***** WORKING DATA *****

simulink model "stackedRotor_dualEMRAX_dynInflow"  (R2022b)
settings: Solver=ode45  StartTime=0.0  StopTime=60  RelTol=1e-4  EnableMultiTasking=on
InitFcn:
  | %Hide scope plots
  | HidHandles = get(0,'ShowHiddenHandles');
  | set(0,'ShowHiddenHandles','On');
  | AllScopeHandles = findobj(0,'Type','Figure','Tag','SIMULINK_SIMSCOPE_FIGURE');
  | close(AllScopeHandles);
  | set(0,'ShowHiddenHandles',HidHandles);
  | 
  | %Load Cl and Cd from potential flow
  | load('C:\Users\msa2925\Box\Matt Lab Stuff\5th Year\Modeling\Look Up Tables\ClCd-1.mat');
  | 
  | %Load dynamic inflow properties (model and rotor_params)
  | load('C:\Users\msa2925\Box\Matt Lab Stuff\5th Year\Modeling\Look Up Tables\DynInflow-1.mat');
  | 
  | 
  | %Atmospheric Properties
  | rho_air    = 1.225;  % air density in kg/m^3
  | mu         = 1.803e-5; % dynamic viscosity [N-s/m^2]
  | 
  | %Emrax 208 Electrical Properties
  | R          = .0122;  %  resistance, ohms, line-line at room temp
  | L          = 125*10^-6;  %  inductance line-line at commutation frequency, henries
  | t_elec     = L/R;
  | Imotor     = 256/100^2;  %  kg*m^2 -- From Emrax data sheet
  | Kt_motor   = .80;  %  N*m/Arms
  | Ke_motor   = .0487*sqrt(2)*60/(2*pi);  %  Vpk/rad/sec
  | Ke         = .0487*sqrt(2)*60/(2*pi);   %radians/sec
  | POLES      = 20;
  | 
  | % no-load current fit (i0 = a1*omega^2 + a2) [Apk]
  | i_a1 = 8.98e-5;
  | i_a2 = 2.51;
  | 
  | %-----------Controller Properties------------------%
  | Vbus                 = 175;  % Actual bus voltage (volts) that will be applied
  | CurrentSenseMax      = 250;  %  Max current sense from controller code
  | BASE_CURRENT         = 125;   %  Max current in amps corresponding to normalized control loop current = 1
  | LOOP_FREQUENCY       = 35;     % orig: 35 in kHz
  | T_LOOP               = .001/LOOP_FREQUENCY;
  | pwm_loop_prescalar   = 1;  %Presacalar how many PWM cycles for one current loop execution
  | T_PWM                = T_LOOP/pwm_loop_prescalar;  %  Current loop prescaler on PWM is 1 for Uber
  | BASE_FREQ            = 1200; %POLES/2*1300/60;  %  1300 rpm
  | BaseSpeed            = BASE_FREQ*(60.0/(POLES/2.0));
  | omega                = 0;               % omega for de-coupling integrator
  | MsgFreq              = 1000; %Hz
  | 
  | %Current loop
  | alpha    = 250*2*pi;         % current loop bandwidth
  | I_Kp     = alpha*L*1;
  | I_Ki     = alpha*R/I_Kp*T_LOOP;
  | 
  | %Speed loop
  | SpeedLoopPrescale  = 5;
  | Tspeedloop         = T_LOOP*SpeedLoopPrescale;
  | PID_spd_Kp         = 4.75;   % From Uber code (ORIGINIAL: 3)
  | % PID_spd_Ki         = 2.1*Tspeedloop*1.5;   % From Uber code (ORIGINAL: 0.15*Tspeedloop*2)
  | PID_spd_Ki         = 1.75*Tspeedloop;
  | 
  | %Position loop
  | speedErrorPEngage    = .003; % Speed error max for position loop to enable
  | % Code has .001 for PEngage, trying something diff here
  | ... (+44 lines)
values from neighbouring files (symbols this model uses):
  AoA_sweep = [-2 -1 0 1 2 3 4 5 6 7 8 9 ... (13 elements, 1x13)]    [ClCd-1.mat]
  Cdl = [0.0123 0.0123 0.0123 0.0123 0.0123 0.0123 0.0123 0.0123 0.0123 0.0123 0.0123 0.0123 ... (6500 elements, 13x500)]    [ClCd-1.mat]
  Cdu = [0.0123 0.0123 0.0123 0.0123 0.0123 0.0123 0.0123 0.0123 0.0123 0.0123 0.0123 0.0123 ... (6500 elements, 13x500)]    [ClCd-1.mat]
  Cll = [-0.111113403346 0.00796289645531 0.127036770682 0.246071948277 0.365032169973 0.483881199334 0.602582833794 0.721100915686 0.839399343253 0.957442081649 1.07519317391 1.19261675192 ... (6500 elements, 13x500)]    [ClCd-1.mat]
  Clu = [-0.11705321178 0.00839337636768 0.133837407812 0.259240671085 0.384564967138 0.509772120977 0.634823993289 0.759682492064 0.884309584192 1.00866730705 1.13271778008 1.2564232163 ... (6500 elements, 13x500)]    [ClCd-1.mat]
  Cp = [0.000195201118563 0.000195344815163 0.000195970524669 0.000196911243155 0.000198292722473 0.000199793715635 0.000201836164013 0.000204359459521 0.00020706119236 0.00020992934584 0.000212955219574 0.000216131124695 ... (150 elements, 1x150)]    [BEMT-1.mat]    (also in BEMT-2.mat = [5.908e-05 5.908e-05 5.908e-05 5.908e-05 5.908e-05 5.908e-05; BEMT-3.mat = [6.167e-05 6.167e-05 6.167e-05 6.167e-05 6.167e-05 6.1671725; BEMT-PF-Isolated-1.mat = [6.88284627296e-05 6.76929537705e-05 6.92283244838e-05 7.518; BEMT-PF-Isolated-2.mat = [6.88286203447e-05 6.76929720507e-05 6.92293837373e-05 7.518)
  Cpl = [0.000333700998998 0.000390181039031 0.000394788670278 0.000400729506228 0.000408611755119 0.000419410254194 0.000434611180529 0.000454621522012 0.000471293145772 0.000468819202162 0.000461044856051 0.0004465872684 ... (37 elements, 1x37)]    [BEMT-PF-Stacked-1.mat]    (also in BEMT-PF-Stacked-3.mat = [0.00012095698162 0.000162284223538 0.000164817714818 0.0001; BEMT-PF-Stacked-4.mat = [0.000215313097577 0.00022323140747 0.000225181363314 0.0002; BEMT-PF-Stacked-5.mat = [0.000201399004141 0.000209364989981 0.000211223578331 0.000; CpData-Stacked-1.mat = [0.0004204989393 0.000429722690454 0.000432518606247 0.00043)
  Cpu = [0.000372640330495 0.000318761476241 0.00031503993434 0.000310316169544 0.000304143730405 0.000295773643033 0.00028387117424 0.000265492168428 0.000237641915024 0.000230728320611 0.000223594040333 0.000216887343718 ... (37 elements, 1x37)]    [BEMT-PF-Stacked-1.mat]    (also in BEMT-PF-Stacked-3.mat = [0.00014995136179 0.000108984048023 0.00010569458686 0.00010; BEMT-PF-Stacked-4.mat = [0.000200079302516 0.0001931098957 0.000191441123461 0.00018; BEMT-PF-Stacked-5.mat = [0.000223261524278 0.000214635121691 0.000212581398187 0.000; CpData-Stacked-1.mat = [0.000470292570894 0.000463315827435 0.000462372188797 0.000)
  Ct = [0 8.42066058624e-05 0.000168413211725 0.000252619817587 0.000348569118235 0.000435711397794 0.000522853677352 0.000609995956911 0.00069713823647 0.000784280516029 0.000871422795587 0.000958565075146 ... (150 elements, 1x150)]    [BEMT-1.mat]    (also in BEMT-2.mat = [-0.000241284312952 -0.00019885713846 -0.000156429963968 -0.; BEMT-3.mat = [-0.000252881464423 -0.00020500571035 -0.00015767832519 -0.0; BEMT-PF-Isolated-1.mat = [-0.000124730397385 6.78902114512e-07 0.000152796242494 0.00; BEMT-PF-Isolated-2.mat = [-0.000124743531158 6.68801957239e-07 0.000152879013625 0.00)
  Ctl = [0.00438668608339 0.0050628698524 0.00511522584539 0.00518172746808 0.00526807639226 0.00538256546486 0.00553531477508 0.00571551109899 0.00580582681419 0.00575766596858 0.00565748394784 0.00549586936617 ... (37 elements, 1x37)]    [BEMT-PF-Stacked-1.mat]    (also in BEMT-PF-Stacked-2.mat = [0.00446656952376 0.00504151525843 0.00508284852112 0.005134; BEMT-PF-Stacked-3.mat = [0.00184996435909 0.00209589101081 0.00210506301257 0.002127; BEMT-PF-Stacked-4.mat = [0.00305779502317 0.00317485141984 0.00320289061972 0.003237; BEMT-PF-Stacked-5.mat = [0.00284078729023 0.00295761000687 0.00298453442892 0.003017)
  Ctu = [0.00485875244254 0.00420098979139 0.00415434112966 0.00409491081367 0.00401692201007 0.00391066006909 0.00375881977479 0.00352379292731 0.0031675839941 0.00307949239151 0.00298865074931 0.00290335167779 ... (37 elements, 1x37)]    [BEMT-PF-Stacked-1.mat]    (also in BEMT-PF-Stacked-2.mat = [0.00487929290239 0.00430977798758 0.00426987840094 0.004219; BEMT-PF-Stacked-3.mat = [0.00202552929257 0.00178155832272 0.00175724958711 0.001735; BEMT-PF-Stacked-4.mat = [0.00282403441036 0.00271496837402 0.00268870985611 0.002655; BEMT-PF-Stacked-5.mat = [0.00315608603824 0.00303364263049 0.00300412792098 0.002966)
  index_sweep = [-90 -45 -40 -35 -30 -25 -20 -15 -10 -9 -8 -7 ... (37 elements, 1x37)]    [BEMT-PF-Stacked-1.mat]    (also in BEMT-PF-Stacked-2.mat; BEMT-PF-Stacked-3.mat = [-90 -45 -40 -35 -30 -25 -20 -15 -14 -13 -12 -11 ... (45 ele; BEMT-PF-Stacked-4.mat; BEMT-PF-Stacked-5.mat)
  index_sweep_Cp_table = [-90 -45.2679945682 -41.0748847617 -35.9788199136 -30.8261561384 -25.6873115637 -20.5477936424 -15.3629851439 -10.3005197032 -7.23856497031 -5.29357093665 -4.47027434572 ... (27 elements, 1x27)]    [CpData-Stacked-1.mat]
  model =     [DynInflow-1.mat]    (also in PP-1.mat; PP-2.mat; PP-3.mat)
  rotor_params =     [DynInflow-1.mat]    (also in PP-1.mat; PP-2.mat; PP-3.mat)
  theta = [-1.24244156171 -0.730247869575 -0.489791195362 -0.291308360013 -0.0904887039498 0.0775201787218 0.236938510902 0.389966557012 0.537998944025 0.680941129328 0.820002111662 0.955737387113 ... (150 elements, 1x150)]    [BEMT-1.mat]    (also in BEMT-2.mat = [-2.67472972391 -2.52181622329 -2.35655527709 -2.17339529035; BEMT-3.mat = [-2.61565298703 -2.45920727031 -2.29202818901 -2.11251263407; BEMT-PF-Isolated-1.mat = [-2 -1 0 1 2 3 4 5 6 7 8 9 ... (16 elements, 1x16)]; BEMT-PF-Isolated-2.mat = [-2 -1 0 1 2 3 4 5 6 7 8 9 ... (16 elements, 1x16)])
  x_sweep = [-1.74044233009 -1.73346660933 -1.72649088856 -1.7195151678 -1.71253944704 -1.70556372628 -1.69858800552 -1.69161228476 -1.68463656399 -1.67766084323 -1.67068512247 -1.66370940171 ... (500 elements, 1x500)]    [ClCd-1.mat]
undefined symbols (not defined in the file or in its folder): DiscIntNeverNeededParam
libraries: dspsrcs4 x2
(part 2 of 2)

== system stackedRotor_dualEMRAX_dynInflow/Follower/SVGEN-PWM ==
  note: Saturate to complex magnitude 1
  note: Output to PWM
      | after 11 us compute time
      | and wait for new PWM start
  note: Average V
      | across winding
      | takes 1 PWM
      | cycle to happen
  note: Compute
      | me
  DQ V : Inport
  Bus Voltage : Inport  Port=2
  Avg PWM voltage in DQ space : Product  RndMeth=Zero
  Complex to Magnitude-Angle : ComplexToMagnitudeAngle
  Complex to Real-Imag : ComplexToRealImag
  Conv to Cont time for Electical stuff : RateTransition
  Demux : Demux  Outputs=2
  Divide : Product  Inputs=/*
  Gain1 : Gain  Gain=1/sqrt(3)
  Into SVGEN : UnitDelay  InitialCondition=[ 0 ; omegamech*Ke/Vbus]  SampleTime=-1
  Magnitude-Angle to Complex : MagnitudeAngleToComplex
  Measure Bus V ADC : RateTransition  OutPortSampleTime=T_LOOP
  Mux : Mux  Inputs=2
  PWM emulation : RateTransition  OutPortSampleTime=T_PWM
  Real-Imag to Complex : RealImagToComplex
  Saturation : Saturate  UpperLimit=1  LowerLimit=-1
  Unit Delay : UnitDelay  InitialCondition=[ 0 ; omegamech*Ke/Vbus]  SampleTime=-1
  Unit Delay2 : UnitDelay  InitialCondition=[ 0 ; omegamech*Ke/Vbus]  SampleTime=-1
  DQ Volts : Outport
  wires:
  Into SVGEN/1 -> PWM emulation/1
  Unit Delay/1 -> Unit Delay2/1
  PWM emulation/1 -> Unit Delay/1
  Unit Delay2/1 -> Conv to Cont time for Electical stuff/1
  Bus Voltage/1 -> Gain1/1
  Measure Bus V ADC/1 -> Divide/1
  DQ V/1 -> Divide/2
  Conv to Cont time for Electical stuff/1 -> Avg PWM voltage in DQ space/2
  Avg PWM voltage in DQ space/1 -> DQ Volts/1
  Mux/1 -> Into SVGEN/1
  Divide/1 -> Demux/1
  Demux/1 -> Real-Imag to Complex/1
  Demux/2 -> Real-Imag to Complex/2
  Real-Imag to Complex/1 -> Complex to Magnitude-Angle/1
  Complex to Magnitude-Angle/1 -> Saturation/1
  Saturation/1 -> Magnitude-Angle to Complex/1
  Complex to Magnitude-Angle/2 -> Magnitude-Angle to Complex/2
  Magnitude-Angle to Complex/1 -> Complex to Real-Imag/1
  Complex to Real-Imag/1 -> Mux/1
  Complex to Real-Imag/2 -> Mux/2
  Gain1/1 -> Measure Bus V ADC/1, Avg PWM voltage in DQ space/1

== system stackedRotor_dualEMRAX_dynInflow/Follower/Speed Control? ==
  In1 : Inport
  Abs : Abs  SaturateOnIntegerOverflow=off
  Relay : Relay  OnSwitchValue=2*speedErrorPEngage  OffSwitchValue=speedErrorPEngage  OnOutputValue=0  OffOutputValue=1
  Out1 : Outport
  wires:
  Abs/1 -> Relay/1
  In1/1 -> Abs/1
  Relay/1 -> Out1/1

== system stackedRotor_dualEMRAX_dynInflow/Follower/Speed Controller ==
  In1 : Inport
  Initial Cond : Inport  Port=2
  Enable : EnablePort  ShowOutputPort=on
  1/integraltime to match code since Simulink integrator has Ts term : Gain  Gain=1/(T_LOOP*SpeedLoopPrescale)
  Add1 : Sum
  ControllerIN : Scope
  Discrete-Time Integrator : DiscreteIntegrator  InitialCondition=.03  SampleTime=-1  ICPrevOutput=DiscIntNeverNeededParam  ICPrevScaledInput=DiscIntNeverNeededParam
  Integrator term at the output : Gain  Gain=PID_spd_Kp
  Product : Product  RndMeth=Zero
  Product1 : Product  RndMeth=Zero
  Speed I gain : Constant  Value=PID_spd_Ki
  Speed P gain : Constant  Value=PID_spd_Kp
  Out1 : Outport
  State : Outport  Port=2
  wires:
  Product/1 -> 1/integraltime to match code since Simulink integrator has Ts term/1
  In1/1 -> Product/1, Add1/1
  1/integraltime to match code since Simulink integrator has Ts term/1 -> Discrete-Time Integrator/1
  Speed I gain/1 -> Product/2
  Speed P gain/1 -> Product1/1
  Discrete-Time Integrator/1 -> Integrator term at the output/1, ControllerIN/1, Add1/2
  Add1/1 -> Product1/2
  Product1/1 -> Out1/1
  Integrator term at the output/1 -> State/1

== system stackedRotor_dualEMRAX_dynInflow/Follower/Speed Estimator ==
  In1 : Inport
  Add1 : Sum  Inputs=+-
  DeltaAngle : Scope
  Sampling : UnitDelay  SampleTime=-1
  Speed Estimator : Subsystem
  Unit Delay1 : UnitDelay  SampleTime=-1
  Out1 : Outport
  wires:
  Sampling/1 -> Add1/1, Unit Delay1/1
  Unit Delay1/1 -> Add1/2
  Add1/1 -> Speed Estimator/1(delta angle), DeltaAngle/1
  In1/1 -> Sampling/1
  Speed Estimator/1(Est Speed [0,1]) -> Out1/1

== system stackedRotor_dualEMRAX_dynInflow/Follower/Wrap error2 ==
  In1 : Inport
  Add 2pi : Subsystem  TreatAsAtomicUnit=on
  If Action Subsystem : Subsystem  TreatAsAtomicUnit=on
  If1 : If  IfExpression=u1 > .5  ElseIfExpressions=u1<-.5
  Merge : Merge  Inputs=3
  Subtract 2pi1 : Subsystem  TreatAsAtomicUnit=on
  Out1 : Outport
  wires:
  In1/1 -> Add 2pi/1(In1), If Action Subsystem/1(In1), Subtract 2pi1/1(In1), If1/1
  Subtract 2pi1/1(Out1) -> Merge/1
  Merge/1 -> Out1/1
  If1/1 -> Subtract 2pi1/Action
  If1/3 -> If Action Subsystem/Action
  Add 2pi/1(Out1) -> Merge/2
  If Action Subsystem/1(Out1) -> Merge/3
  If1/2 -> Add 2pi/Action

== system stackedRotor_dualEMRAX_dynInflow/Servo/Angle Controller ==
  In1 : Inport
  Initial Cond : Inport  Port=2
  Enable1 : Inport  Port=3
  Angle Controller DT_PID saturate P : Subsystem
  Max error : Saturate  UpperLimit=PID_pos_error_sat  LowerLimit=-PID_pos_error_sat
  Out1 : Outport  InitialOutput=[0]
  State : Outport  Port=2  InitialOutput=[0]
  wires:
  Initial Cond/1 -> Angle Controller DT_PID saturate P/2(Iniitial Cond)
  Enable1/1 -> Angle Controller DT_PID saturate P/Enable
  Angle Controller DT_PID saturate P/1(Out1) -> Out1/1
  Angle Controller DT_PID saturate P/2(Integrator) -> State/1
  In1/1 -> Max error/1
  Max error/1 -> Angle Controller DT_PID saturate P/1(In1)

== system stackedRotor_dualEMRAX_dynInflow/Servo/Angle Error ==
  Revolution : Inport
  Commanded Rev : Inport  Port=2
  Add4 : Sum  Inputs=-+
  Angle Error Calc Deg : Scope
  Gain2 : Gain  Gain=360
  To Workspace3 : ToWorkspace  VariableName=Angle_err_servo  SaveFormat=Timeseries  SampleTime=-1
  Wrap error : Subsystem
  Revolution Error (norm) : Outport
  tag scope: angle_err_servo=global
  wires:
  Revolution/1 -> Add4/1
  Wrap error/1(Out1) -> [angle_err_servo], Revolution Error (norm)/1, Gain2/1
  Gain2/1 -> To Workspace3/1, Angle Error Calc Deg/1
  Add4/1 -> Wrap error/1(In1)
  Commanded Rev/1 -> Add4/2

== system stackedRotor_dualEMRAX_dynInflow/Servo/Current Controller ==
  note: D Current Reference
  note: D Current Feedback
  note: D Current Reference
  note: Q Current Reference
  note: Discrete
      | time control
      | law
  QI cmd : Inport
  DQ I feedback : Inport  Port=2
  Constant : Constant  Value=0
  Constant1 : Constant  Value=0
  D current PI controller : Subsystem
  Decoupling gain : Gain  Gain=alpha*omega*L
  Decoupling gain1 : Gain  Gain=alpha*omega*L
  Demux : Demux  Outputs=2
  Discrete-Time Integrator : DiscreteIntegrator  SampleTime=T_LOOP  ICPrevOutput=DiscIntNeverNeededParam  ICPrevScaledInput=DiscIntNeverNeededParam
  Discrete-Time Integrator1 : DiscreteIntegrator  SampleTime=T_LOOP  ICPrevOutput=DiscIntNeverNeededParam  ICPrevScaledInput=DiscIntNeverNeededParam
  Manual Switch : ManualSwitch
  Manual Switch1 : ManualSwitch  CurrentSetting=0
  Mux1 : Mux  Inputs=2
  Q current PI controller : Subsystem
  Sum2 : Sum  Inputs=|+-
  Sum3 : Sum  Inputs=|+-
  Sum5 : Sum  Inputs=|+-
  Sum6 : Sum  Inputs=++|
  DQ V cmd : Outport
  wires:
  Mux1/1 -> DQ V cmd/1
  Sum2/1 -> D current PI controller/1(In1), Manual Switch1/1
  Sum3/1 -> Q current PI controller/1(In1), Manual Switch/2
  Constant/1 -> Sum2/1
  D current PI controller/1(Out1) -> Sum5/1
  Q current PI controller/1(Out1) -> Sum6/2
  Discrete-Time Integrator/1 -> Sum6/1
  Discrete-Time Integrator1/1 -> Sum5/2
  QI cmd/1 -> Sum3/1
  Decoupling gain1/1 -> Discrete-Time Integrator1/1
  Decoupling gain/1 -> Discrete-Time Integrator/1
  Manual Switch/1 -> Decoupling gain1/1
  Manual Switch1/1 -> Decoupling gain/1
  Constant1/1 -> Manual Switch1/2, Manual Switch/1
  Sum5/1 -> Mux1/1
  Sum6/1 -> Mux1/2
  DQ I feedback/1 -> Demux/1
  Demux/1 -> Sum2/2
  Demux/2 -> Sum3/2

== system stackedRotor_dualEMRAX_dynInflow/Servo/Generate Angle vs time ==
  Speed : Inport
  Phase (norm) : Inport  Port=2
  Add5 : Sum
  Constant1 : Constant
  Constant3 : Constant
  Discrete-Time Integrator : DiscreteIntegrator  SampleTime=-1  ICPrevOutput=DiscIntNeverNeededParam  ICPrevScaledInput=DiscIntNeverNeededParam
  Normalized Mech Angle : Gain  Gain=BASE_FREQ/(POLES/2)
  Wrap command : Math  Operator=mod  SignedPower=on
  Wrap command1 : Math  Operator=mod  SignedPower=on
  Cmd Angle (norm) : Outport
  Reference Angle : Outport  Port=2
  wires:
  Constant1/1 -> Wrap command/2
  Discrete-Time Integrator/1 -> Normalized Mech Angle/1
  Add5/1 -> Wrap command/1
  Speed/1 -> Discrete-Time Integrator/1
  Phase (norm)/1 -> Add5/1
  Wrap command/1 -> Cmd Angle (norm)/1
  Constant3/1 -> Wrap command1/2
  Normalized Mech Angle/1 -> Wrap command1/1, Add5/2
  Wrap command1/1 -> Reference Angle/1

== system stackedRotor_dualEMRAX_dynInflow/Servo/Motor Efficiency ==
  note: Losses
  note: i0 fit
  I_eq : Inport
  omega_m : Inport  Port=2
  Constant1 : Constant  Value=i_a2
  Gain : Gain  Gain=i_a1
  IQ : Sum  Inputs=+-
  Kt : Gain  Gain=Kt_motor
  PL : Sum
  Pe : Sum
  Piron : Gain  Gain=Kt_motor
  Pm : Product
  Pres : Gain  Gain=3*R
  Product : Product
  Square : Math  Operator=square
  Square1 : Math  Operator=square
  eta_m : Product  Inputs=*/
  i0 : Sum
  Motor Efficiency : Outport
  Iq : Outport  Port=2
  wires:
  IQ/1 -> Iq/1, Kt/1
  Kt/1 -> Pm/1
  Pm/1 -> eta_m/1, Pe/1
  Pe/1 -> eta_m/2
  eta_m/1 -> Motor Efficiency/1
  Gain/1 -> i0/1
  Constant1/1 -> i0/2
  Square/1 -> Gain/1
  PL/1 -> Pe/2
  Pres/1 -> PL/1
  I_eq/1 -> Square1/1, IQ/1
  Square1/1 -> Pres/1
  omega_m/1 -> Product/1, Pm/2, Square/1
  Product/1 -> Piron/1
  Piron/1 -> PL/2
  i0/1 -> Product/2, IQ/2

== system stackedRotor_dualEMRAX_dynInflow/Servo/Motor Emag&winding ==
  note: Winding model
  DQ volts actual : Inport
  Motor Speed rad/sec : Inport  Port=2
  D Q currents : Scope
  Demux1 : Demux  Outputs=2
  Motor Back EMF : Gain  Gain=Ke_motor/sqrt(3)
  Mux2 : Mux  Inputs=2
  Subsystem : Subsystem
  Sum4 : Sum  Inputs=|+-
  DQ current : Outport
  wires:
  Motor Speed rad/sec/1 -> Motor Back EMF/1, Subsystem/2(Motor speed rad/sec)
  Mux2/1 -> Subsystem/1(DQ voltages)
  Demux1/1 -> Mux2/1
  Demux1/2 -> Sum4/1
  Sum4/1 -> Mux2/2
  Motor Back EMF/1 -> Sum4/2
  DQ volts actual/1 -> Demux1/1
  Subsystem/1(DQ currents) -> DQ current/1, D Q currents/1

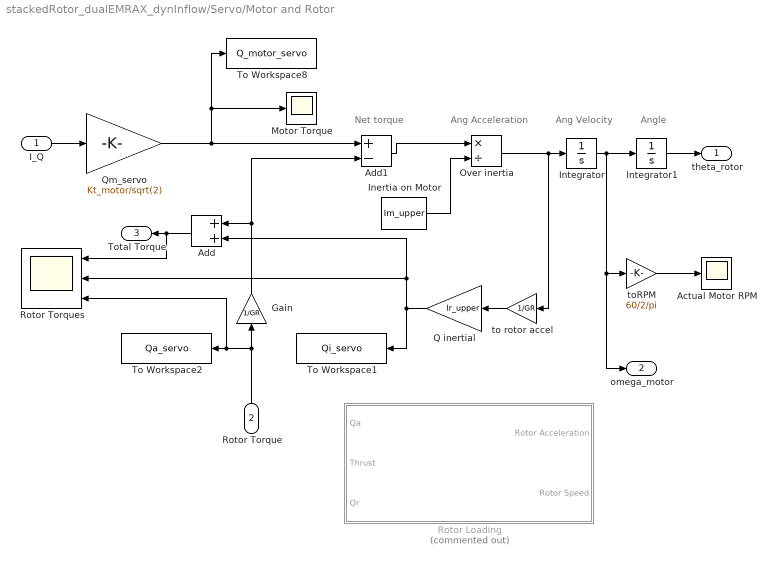
== system stackedRotor_dualEMRAX_dynInflow/Servo/Motor and Rotor ==
  note: Ang Acceleration
  note: Angle
  note: Ang Velocity
  note: Net torque
  I_Q : Inport
  Rotor Torque : Inport  Port=2
  Actual Motor RPM : Scope
  Add : Sum
  Add1 : Sum  Inputs=+-
  Gain : Gain  Gain=1/GR
  Inertia on Motor : Constant  Value=Im_upper
  Integrator : Integrator  InitialCondition=InitialRPM*2*pi/60
  Integrator1 : Integrator
  Motor Torque : Scope
  Over inertia : Product  Inputs=*/
  Q inertial : Gain  Gain=Ir_upper
  Qm_servo : Gain  Gain=Kt_motor/sqrt(2)
  Rotor Loading : Subsystem  Commented=on
  Rotor Torques : Scope  NumInputPorts=3
  To Workspace1 : ToWorkspace  VariableName=Qi_servo  SaveFormat=Timeseries  SampleTime=-1
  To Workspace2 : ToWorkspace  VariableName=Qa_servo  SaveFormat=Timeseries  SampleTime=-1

*****

* THE PROBLEM:
Copy every line from the entries that contains the word "DeltaAngle".

* EXERCISE SOLUTION:
  DeltaAngle : Scope
  Add1/1 -> Speed Estimator/1(delta angle), DeltaAngle/1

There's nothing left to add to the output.